Impedance & Optical Platelet Count Methods & Microcytosis

Difference between impedance and optical platelet count methods in patients with microcytosis of red blood cells

R. PINKOWSKI

Platelet counts (PLT) were conducted in 30 patients diagnosed with microcytosis due to iron deficiency anemia and 30 normal subjects using optical and impedance methods (PLTo and PLTi) in an Abbott Cell-Dyn 4000 analyzer. To achieve the best estimation of the platelet and red blood cell quantity and quality (including platelet aggregation, platelet satellitism, microcytes, and schistocytes), a stained preparation was estimated and platelet count was carried out with the microscopic chamber method (PLTh). When both automated methods were used, result reproducibility was better than with the manual method. Correlation of the platelet counts between the methods was high (r > 0.98), and highest for PLTo and PLTh (r = 0.997). When the impedance method was used, platelet counts were higher on average than when the optical method was used and differed, in absolute values, by 34.1x109/L (9.7%) (p < 0.001). In some cases, the differences between PLTi and PLTo were bigger, even exceeding 150x109/L (>30%). The difference between PLTi and PLTo had an inverse correlation with mean corpuscular volume (MCV) (r = -0.635).
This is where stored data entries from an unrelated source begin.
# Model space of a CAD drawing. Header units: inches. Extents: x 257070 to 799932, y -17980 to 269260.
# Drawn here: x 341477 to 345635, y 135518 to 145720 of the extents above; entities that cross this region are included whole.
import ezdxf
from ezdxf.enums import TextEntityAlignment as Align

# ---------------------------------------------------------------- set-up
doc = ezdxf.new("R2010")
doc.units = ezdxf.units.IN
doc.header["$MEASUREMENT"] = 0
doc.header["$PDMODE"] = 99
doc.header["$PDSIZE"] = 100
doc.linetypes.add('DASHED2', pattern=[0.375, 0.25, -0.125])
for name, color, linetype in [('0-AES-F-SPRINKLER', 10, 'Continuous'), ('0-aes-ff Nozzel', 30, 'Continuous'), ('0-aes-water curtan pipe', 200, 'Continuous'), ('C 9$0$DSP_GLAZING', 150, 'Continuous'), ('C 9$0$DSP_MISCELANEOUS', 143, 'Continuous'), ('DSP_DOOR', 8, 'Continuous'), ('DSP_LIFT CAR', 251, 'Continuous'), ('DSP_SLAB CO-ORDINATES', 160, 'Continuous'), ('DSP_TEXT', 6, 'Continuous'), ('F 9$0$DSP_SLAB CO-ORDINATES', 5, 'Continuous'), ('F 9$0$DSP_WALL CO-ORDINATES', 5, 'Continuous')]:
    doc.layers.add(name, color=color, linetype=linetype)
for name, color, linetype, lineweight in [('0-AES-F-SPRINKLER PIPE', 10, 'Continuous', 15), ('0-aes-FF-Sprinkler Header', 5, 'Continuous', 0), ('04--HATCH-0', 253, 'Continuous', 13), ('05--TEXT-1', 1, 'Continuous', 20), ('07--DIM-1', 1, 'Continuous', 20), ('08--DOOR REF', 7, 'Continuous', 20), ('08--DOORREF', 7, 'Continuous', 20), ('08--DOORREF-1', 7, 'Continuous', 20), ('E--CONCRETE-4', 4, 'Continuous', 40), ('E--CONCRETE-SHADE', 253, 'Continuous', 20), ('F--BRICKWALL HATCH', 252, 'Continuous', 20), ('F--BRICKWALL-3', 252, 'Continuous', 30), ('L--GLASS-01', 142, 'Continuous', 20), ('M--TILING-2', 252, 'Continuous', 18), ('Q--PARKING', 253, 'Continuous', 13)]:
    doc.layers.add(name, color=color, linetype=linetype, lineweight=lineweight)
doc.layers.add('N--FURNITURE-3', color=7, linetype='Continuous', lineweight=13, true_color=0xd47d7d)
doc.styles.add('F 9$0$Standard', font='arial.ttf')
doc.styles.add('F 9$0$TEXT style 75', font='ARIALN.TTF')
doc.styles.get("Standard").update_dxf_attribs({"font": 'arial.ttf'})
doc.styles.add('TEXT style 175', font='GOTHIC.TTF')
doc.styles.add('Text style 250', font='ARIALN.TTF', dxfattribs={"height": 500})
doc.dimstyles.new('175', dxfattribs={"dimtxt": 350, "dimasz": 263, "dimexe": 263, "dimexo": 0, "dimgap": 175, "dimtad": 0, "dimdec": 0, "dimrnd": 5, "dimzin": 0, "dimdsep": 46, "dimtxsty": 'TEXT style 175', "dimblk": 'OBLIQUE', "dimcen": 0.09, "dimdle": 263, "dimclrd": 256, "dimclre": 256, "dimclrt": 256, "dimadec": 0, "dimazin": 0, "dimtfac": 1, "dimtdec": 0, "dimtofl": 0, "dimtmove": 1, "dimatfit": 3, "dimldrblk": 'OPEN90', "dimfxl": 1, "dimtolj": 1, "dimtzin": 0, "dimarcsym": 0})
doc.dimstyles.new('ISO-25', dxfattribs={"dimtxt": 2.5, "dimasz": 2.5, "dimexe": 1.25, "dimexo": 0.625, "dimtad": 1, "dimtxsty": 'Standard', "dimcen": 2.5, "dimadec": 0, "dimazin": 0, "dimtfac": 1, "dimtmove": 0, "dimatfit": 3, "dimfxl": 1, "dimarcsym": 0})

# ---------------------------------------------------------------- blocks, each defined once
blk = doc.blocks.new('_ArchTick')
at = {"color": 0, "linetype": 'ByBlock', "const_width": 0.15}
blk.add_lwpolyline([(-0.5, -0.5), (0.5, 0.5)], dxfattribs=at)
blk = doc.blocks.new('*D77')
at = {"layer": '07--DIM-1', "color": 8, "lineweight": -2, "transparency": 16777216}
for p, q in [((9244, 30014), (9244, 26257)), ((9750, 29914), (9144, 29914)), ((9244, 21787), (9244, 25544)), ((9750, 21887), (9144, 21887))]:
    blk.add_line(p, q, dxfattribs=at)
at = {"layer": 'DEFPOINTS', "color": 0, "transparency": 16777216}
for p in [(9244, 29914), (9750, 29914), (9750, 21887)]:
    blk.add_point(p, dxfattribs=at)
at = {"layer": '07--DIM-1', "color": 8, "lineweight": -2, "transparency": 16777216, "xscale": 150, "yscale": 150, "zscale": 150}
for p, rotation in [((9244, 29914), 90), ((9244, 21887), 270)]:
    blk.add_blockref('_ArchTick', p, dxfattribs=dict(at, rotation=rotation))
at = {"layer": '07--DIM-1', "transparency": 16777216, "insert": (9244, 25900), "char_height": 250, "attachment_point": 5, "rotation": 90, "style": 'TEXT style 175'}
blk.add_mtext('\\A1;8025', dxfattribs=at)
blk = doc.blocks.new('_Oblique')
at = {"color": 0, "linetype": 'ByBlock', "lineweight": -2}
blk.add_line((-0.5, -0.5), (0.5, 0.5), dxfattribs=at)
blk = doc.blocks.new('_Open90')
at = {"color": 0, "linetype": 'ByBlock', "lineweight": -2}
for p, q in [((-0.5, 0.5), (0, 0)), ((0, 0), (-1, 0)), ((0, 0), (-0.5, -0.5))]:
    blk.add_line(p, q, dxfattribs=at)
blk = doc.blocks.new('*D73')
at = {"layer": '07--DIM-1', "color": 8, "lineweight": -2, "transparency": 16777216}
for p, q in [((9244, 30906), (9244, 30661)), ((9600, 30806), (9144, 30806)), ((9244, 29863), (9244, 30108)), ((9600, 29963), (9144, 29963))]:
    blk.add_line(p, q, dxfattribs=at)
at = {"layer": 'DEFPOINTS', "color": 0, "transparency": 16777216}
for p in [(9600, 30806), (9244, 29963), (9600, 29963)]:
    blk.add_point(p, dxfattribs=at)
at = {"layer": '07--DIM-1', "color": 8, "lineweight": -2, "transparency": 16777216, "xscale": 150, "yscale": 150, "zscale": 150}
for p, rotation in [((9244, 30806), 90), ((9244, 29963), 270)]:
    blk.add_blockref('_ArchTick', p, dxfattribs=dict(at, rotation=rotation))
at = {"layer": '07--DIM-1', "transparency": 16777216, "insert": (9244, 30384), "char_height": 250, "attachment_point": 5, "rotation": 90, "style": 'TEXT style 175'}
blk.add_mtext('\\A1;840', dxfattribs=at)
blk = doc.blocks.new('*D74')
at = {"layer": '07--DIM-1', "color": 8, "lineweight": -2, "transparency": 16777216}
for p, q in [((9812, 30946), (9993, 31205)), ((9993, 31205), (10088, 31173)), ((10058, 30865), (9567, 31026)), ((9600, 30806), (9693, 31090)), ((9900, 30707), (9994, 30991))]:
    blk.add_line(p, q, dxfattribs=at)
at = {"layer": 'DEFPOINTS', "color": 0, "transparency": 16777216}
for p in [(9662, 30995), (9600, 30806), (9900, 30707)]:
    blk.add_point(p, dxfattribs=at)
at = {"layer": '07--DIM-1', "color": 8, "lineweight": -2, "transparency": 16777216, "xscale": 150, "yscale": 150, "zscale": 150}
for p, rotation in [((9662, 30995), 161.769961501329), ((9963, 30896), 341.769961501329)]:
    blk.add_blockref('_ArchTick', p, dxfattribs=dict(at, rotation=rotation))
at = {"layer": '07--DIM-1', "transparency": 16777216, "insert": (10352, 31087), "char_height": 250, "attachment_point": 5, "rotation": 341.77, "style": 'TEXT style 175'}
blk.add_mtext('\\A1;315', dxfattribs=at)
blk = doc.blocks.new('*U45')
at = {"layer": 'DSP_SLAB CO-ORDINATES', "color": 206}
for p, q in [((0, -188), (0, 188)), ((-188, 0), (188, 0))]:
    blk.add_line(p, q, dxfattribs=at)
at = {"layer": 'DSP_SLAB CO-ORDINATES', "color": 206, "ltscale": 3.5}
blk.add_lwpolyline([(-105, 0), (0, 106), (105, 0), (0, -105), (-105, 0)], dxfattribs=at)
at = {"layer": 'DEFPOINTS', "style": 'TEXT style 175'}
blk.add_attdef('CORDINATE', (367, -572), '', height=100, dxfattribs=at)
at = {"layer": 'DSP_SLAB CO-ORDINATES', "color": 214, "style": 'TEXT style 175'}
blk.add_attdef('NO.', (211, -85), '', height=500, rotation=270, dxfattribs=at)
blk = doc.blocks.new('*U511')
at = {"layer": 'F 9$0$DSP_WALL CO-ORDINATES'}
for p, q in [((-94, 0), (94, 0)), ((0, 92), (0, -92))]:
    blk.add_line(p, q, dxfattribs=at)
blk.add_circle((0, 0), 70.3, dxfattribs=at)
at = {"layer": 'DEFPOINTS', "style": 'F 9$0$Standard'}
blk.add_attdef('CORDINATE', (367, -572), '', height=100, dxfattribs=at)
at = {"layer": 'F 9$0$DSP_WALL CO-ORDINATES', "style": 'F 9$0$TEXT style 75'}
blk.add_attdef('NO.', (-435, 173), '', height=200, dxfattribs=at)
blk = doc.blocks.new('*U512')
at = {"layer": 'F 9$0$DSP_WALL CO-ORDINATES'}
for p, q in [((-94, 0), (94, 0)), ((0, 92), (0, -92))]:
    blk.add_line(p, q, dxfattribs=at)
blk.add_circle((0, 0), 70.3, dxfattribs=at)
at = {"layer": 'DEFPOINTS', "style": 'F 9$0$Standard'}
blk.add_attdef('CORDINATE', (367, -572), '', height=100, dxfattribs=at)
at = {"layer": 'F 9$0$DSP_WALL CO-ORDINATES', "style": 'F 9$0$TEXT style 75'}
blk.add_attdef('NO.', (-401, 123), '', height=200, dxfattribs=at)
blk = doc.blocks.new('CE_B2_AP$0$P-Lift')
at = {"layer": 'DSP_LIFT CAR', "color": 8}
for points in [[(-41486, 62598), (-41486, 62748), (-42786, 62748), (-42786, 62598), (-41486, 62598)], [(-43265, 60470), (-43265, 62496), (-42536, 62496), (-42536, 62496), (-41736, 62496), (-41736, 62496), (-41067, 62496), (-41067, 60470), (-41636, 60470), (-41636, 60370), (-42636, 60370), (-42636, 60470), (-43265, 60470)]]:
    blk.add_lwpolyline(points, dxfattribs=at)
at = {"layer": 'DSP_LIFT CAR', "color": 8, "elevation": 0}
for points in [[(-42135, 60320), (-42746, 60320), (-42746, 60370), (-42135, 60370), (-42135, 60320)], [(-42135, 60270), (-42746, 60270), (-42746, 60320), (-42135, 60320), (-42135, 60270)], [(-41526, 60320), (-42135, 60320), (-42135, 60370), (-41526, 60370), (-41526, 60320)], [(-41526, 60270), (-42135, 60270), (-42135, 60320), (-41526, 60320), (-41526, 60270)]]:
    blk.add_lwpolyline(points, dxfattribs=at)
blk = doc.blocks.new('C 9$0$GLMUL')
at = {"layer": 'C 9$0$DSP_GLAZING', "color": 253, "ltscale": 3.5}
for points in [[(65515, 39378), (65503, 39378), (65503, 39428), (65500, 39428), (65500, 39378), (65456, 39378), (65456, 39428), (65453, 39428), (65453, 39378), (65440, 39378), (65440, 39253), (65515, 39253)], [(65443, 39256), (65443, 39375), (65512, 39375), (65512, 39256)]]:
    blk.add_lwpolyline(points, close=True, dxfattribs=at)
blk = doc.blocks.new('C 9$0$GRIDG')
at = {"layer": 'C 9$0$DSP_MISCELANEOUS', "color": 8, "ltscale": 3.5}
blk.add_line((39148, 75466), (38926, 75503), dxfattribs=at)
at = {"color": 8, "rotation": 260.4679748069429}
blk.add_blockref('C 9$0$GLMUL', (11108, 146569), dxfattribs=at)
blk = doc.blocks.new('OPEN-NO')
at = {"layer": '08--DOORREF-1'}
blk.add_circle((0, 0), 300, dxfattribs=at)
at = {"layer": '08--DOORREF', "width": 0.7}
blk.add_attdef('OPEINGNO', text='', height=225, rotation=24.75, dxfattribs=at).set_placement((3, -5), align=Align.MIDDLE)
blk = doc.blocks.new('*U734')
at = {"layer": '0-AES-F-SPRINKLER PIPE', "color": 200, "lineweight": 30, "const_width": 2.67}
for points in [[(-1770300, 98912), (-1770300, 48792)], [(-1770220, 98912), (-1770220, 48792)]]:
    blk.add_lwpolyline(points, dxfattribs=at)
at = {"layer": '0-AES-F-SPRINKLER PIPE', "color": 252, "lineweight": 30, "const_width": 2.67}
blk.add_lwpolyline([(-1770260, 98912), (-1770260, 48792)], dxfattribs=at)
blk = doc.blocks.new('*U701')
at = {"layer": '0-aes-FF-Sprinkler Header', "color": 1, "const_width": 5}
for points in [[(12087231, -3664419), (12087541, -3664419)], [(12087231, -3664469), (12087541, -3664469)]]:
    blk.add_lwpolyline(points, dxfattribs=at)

Samples from normal subjects did not demonstrate the above discrepancies or a similar relationship with MCV. The platelet volume histogram is helpful for evaluating the interference of microcytes and platelets estimated using the impedance method. The optical method yields more reliable results in the patients with microcytosis. PLTi estimation in cases of microcytosis is insufficient, and its results are not always reliable.